> Exercise objective
Line by line, transcribe the material shown below exactly.

> The data
/---
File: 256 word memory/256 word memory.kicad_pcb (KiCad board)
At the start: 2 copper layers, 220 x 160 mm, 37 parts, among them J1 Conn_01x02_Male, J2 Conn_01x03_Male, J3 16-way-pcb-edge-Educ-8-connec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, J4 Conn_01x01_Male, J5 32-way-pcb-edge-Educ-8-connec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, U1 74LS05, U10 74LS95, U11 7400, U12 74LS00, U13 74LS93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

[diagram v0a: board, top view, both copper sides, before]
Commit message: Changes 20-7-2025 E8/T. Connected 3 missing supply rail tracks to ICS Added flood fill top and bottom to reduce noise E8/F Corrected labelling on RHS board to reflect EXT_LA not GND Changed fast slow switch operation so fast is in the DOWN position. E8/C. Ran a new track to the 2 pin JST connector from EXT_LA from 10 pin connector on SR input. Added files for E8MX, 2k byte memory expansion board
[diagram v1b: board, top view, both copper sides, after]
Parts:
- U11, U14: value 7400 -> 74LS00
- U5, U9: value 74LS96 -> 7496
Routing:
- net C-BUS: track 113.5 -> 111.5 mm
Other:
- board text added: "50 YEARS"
\---
> Exercise output
File: 256 word memory/256 word memory.kicad_pcb (KiCad board)
At the start: 2 copper layers, 220 x 160 mm, 37 parts, among them J1 Conn_01x02_Male, J2 Conn_01x03_Male, J3 16-way-pcb-edge-Educ-8-connec, J4 Conn_01x01_Male, J5 32-way-pcb-edge-Educ-8-connec, U1 74LS05, U10 74LS95, U11 7400, U12 74LS00, U13 74LS93

[diagram v0a: board, top view, both copper sides, before]
Commit message: Changes 20-7-2025 E8/T. Connected 3 missing supply rail tracks to ICS Added flood fill top and bottom to reduce noise E8/F Corrected labelling on RHS board to reflect EXT_LA not GND Changed fast slow switch operation so fast is in the DOWN position. E8/C. Ran a new track to the 2 pin JST connector from EXT_LA from 10 pin connector on SR input. Added files for E8MX, 2k byte memory expansion board
[diagram v1b: board, top view, both copper sides, after]
Parts:
- U11, U14: value 7400 -> 74LS00
- U5, U9: value 74LS96 -> 7496
Routing:
- net C-BUS: track 113.5 -> 111.5 mm
Other:
- board text added: "50 YEARS"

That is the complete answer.